### Work task:
Omit the pictures and print exactly the lines of the listing below, starting at the first and ending at the line containing "#35=CARTESIAN_POINT('',(0.,0.,33.));".

### Exercise material:

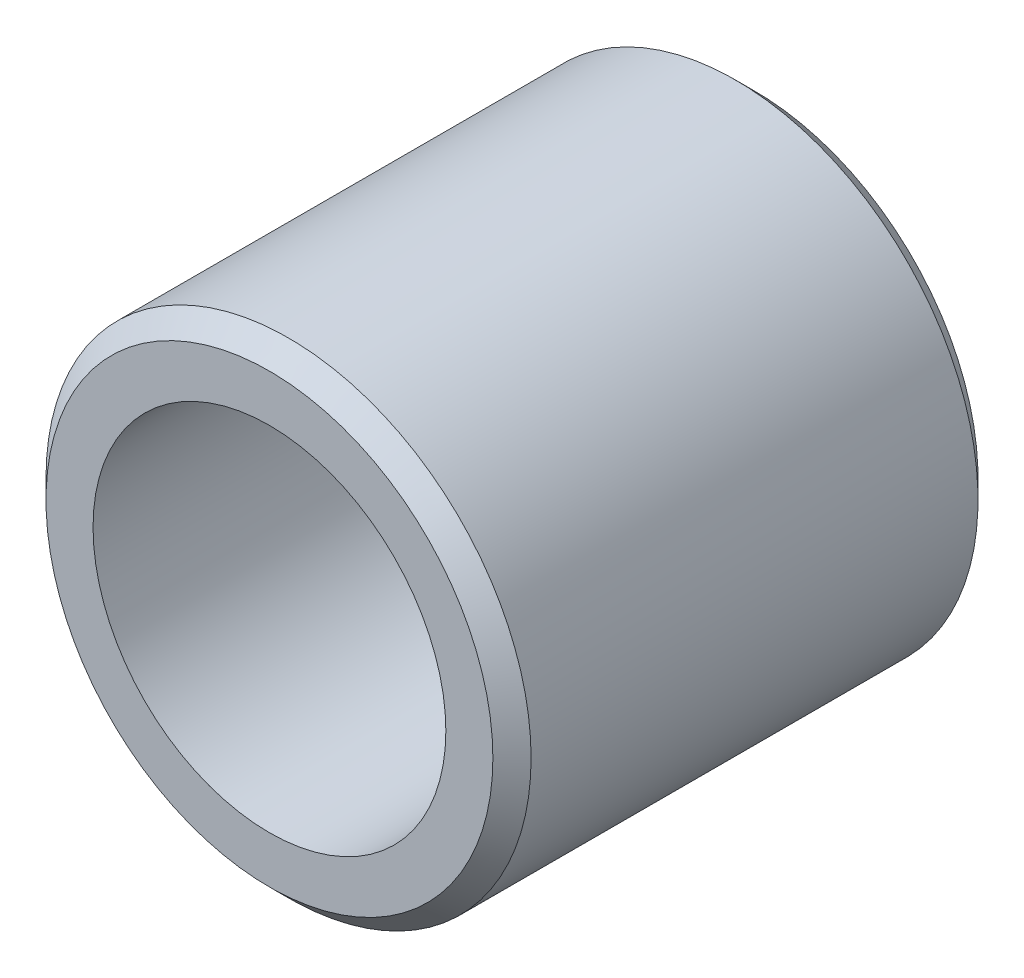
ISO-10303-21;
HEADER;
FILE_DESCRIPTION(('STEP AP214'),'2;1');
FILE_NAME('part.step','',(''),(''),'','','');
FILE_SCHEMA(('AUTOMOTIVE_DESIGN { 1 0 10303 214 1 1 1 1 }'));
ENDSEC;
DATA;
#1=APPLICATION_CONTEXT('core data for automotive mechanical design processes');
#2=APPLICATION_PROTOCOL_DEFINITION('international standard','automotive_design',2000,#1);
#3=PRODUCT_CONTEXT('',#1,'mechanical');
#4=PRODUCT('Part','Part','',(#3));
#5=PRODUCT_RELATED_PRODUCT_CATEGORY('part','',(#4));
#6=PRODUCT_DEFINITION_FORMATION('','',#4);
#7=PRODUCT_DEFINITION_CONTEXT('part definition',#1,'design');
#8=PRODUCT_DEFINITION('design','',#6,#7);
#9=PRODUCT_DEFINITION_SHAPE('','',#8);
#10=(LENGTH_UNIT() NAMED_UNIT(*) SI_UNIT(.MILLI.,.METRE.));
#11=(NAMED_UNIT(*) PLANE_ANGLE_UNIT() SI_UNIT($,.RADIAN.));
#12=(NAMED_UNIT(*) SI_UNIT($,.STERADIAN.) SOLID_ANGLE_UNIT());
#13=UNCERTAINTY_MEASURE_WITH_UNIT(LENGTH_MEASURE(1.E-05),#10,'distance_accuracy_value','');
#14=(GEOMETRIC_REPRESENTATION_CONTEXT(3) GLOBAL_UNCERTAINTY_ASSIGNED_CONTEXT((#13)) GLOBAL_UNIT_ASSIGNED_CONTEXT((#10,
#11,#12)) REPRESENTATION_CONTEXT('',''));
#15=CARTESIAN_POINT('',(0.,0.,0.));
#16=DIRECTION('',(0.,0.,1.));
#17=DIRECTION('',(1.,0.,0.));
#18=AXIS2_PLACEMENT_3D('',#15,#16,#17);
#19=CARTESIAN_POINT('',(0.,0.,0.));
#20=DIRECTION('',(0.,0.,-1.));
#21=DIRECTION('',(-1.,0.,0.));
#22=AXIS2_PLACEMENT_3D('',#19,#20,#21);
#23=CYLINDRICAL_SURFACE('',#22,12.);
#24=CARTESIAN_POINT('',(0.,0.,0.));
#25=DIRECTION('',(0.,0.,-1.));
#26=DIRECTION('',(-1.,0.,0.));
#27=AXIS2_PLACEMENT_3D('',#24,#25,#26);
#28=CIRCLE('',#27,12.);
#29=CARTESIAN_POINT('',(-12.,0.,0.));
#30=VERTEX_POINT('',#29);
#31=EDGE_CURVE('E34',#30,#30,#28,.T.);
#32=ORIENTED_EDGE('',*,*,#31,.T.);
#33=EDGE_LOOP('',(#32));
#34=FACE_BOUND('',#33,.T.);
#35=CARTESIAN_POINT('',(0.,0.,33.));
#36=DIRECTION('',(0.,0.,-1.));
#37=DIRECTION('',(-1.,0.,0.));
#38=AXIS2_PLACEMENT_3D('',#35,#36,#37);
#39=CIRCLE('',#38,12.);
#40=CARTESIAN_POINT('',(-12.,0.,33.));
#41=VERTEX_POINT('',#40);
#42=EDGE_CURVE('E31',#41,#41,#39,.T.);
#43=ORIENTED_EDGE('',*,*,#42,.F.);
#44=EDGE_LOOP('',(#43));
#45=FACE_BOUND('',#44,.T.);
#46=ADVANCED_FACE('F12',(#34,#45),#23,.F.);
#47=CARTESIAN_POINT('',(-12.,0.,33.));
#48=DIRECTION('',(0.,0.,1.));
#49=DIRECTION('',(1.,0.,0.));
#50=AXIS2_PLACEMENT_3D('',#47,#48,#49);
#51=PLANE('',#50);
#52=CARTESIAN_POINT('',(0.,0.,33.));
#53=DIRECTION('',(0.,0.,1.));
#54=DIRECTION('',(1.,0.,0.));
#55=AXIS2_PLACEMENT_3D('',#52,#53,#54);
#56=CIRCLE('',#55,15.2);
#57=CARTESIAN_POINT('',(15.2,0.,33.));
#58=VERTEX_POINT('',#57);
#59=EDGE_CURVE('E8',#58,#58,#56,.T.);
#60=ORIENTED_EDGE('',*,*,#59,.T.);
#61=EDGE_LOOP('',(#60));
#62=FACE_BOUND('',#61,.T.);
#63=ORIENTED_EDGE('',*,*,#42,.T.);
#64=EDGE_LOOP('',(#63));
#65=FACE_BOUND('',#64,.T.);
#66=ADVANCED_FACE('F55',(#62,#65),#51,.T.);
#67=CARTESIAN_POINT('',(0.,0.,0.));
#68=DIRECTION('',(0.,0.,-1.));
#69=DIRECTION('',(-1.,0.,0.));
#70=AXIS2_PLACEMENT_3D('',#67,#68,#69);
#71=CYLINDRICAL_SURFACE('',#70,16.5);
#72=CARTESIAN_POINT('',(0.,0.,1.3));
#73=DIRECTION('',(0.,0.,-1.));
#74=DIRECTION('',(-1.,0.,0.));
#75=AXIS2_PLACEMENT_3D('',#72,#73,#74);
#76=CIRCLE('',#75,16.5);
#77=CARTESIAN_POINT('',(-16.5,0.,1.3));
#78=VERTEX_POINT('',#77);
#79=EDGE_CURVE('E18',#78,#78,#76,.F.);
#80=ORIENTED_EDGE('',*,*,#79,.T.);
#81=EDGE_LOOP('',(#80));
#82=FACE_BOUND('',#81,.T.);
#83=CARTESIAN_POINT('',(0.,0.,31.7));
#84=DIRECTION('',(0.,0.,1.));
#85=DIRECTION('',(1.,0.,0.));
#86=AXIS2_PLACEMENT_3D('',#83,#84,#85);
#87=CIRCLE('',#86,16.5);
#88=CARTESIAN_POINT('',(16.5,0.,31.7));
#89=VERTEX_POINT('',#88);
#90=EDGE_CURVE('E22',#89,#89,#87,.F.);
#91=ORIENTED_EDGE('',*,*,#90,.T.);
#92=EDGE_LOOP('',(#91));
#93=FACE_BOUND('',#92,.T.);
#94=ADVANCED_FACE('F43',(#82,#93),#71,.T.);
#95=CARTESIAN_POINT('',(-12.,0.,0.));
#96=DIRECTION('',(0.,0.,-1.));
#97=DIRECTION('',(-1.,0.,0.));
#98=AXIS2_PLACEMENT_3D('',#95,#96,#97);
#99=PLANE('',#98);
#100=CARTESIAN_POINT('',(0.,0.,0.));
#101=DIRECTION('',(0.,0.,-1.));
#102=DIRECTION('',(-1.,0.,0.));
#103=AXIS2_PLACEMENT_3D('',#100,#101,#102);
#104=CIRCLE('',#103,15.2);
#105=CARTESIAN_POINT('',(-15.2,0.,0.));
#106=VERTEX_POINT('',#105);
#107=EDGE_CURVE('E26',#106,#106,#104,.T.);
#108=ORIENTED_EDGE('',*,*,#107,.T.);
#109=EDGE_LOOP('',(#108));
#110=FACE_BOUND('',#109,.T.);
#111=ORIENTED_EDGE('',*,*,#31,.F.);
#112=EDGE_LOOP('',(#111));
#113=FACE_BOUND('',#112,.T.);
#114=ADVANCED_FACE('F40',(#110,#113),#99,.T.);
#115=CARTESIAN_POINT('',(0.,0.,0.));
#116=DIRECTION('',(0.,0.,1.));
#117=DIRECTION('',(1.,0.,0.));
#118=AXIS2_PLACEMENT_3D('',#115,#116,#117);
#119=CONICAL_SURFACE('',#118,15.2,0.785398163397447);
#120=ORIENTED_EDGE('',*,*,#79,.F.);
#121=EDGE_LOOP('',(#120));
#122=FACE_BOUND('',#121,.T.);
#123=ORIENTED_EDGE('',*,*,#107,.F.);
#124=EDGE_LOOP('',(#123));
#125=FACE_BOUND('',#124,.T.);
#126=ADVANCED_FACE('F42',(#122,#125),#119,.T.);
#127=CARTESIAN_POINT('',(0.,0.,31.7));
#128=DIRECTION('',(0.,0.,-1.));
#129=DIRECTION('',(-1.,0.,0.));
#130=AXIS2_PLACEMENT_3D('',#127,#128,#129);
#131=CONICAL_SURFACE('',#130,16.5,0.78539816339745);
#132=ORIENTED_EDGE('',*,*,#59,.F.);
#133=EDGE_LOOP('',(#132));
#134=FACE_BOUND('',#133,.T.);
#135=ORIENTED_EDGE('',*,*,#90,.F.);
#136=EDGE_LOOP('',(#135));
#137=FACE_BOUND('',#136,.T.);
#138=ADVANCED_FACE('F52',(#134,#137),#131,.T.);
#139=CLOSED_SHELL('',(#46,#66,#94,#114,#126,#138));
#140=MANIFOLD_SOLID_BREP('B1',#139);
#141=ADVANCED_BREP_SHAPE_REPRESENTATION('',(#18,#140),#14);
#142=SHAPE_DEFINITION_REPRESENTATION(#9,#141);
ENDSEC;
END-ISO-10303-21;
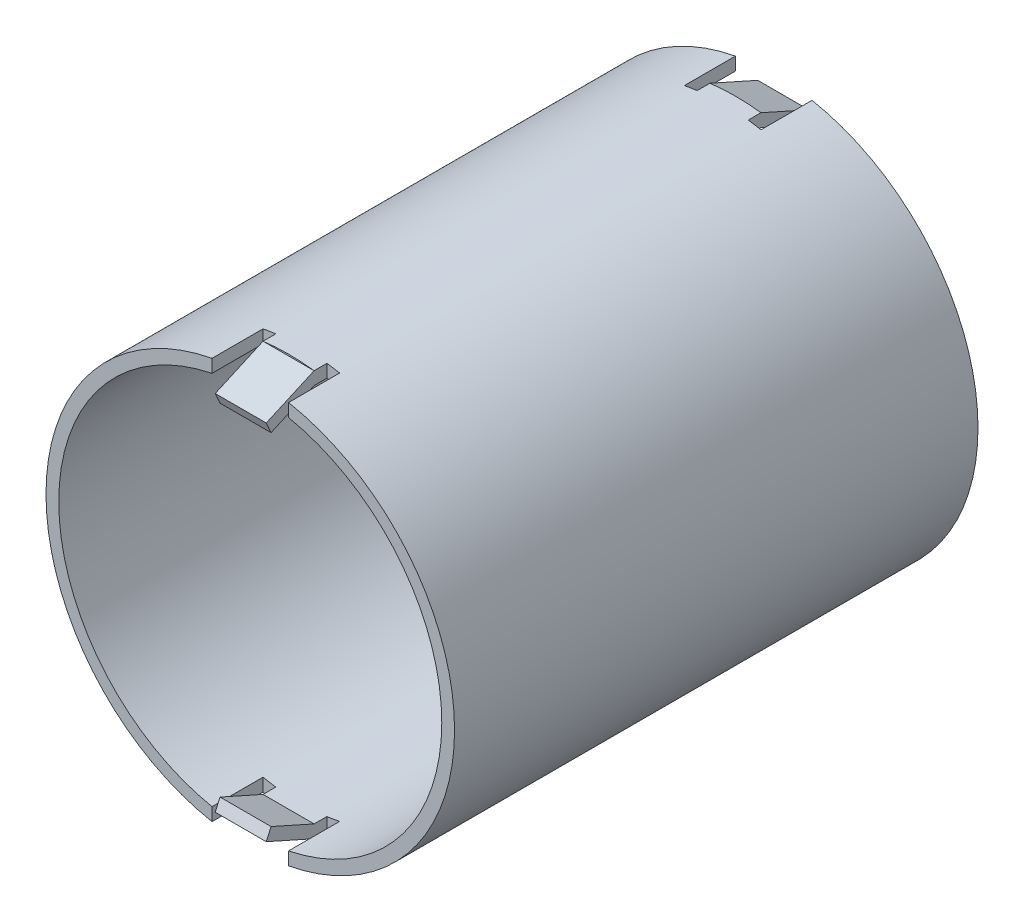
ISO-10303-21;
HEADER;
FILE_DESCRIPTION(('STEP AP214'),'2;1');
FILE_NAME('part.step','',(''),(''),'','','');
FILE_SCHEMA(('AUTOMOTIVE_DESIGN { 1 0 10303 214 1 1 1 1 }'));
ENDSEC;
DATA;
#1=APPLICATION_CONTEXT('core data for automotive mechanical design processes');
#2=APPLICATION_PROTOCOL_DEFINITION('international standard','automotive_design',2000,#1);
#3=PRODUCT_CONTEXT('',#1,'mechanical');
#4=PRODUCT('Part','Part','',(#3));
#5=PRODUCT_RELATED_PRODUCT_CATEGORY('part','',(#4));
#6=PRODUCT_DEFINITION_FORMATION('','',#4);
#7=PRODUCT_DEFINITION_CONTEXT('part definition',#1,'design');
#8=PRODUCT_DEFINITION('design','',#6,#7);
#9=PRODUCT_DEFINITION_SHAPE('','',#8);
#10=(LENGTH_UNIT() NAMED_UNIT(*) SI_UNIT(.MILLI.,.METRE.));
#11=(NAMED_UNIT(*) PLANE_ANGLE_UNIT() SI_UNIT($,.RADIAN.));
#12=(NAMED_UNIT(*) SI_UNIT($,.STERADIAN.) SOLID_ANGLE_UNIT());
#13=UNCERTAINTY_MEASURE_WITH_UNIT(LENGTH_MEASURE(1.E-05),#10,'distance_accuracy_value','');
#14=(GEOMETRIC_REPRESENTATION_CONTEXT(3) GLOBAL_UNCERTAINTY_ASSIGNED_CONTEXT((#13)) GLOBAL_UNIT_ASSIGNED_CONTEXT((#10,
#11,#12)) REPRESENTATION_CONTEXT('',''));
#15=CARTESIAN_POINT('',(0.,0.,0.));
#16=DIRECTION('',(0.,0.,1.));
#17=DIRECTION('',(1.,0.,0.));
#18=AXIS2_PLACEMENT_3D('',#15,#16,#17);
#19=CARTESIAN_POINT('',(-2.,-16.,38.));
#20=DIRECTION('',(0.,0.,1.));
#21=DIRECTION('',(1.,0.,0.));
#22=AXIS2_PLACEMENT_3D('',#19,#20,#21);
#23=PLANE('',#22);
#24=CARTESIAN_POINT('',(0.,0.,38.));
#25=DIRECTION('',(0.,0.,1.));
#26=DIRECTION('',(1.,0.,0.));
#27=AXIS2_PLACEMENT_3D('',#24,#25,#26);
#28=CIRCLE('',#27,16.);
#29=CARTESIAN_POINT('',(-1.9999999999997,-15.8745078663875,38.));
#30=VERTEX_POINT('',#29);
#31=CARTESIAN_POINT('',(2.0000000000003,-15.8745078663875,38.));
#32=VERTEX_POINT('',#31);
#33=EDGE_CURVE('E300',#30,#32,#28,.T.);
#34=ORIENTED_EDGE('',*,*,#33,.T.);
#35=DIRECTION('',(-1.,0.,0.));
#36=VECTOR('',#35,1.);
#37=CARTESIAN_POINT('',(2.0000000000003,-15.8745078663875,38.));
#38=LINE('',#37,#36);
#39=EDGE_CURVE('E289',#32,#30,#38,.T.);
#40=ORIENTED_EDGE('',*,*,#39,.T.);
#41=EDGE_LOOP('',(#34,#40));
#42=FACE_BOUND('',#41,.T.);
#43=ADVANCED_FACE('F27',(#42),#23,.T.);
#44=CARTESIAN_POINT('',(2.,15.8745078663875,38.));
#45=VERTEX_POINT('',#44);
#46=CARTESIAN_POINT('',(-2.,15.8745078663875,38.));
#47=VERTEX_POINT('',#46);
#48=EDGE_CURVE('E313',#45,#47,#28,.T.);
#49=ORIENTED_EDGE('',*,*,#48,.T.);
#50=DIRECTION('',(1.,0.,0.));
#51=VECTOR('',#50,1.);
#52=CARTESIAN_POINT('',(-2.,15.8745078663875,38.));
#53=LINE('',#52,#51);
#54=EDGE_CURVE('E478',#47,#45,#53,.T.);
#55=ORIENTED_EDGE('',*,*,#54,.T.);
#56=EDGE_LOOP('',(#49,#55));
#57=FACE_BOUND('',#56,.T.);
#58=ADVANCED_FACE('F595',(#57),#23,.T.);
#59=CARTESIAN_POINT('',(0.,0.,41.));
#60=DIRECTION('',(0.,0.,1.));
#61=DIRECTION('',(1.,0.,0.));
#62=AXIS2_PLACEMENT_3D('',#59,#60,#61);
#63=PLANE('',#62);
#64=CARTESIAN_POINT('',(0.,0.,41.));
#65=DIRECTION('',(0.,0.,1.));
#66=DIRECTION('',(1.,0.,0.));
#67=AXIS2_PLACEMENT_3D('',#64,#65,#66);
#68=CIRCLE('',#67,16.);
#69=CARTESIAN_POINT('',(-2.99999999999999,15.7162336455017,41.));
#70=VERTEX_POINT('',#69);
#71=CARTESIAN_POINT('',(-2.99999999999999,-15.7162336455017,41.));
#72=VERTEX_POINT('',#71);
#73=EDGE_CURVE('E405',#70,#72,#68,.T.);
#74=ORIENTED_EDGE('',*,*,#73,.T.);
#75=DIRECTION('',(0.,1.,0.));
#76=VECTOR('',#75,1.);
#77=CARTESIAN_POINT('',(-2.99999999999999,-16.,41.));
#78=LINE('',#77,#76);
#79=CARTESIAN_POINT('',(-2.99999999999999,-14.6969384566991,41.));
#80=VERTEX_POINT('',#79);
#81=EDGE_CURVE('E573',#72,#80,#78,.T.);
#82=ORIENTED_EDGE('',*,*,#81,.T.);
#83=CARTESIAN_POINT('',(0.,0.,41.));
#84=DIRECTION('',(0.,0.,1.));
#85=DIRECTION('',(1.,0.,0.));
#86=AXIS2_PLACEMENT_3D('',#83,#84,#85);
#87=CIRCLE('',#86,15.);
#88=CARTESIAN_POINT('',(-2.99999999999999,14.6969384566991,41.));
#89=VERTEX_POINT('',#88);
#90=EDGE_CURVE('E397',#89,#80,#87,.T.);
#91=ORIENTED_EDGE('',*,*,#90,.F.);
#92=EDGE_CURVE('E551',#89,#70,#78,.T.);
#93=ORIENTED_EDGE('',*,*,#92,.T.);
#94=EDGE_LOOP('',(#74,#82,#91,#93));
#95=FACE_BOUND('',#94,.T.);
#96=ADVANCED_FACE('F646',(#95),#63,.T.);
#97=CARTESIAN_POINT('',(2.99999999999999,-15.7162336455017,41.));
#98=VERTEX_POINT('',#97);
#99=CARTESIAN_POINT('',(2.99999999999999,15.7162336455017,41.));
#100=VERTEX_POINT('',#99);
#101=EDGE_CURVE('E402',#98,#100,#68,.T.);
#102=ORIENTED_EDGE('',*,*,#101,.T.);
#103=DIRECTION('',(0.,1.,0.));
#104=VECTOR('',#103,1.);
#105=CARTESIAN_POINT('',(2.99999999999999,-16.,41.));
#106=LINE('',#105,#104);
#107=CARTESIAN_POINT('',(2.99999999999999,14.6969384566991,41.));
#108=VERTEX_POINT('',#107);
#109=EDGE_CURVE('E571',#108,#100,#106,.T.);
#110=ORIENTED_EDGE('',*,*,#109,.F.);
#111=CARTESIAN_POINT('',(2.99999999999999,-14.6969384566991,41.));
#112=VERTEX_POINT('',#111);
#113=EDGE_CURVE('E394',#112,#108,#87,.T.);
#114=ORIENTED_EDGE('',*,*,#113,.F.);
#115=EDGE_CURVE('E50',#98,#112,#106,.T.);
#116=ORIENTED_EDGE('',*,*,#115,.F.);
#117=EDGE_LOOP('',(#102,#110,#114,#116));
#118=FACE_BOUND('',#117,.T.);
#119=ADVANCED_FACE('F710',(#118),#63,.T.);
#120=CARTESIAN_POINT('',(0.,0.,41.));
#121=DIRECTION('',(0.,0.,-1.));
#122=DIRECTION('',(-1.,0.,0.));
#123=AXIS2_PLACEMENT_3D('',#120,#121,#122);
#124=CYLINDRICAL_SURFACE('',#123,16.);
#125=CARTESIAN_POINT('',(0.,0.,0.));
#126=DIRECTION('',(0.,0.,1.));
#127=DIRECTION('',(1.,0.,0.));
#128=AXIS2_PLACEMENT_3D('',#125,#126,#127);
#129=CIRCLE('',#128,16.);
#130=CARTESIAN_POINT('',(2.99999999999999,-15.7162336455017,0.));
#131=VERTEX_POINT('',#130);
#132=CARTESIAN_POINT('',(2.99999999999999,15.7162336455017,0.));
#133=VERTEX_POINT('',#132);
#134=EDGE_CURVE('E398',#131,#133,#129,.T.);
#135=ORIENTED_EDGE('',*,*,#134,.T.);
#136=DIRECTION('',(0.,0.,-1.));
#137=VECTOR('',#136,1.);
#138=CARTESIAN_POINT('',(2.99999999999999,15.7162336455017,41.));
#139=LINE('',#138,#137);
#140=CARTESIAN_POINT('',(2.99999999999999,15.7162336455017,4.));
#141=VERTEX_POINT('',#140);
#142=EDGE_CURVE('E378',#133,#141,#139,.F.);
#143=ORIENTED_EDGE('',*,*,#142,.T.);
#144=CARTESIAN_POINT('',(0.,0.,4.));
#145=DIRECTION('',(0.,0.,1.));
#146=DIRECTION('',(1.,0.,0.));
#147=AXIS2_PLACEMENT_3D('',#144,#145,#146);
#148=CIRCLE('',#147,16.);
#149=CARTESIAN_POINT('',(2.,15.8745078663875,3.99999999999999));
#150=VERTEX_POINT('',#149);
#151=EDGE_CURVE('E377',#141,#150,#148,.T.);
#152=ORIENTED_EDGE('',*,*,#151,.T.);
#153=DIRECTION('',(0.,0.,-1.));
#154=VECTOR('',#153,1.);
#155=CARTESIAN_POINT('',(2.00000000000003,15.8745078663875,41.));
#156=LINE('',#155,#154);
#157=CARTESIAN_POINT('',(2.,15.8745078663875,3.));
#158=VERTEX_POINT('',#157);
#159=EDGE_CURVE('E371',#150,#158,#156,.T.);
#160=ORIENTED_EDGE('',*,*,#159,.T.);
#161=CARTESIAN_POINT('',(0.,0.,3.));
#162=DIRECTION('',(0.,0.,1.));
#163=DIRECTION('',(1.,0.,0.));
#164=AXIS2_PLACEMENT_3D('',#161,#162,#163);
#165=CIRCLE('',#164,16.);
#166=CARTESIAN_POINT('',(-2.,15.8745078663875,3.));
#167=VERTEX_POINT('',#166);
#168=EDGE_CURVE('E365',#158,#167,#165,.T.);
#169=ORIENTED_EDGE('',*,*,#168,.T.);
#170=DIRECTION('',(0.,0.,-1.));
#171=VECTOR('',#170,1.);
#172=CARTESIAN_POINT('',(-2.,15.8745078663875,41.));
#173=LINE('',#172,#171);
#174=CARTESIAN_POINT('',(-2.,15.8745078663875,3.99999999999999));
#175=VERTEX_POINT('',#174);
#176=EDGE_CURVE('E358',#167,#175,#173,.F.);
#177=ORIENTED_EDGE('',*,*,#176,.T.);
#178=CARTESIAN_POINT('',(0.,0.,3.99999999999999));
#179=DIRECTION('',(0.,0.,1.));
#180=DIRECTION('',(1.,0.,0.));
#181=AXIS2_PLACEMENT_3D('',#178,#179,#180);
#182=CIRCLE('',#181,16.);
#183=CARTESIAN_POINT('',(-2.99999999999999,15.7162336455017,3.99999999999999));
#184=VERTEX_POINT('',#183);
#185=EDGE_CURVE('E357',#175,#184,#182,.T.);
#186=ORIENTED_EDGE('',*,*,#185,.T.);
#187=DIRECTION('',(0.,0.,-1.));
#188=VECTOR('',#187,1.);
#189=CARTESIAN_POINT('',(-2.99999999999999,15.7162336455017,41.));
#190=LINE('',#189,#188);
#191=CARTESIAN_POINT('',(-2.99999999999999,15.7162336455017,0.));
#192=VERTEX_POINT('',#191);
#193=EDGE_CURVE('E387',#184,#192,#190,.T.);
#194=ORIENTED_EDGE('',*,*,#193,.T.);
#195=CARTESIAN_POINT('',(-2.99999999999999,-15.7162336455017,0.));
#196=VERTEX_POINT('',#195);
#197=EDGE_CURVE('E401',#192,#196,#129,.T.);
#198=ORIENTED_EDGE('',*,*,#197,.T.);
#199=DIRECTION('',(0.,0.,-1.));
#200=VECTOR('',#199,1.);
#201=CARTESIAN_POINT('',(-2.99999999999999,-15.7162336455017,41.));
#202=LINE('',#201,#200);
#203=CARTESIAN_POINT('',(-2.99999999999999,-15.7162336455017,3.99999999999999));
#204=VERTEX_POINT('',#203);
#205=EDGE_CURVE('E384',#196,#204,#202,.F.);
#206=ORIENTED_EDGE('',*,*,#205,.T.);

### Exercise output:
ISO-10303-21;
HEADER;
FILE_DESCRIPTION(('STEP AP214'),'2;1');
FILE_NAME('part.step','',(''),(''),'','','');
FILE_SCHEMA(('AUTOMOTIVE_DESIGN { 1 0 10303 214 1 1 1 1 }'));
ENDSEC;
DATA;
#1=APPLICATION_CONTEXT('core data for automotive mechanical design processes');
#2=APPLICATION_PROTOCOL_DEFINITION('international standard','automotive_design',2000,#1);
#3=PRODUCT_CONTEXT('',#1,'mechanical');
#4=PRODUCT('Part','Part','',(#3));
#5=PRODUCT_RELATED_PRODUCT_CATEGORY('part','',(#4));
#6=PRODUCT_DEFINITION_FORMATION('','',#4);
#7=PRODUCT_DEFINITION_CONTEXT('part definition',#1,'design');
#8=PRODUCT_DEFINITION('design','',#6,#7);
#9=PRODUCT_DEFINITION_SHAPE('','',#8);
#10=(LENGTH_UNIT() NAMED_UNIT(*) SI_UNIT(.MILLI.,.METRE.));
#11=(NAMED_UNIT(*) PLANE_ANGLE_UNIT() SI_UNIT($,.RADIAN.));
#12=(NAMED_UNIT(*) SI_UNIT($,.STERADIAN.) SOLID_ANGLE_UNIT());
#13=UNCERTAINTY_MEASURE_WITH_UNIT(LENGTH_MEASURE(1.E-05),#10,'distance_accuracy_value','');
#14=(GEOMETRIC_REPRESENTATION_CONTEXT(3) GLOBAL_UNCERTAINTY_ASSIGNED_CONTEXT((#13)) GLOBAL_UNIT_ASSIGNED_CONTEXT((#10,
#11,#12)) REPRESENTATION_CONTEXT('',''));
#15=CARTESIAN_POINT('',(0.,0.,0.));
#16=DIRECTION('',(0.,0.,1.));
#17=DIRECTION('',(1.,0.,0.));
#18=AXIS2_PLACEMENT_3D('',#15,#16,#17);
#19=CARTESIAN_POINT('',(0.,0.,0.));
#20=DIRECTION('',(0.,0.,-1.));
#21=DIRECTION('',(-1.,0.,0.));
#22=AXIS2_PLACEMENT_3D('',#19,#20,#21);
#23=CYLINDRICAL_SURFACE('',#22,12.);
#24=CARTESIAN_POINT('',(0.,0.,0.));
#25=DIRECTION('',(0.,0.,-1.));
#26=DIRECTION('',(-1.,0.,0.));
#27=AXIS2_PLACEMENT_3D('',#24,#25,#26);
#28=CIRCLE('',#27,12.);
#29=CARTESIAN_POINT('',(-12.,0.,0.));
#30=VERTEX_POINT('',#29);
#31=EDGE_CURVE('E34',#30,#30,#28,.T.);
#32=ORIENTED_EDGE('',*,*,#31,.T.);
#33=EDGE_LOOP('',(#32));
#34=FACE_BOUND('',#33,.T.);
#35=CARTESIAN_POINT('',(0.,0.,33.));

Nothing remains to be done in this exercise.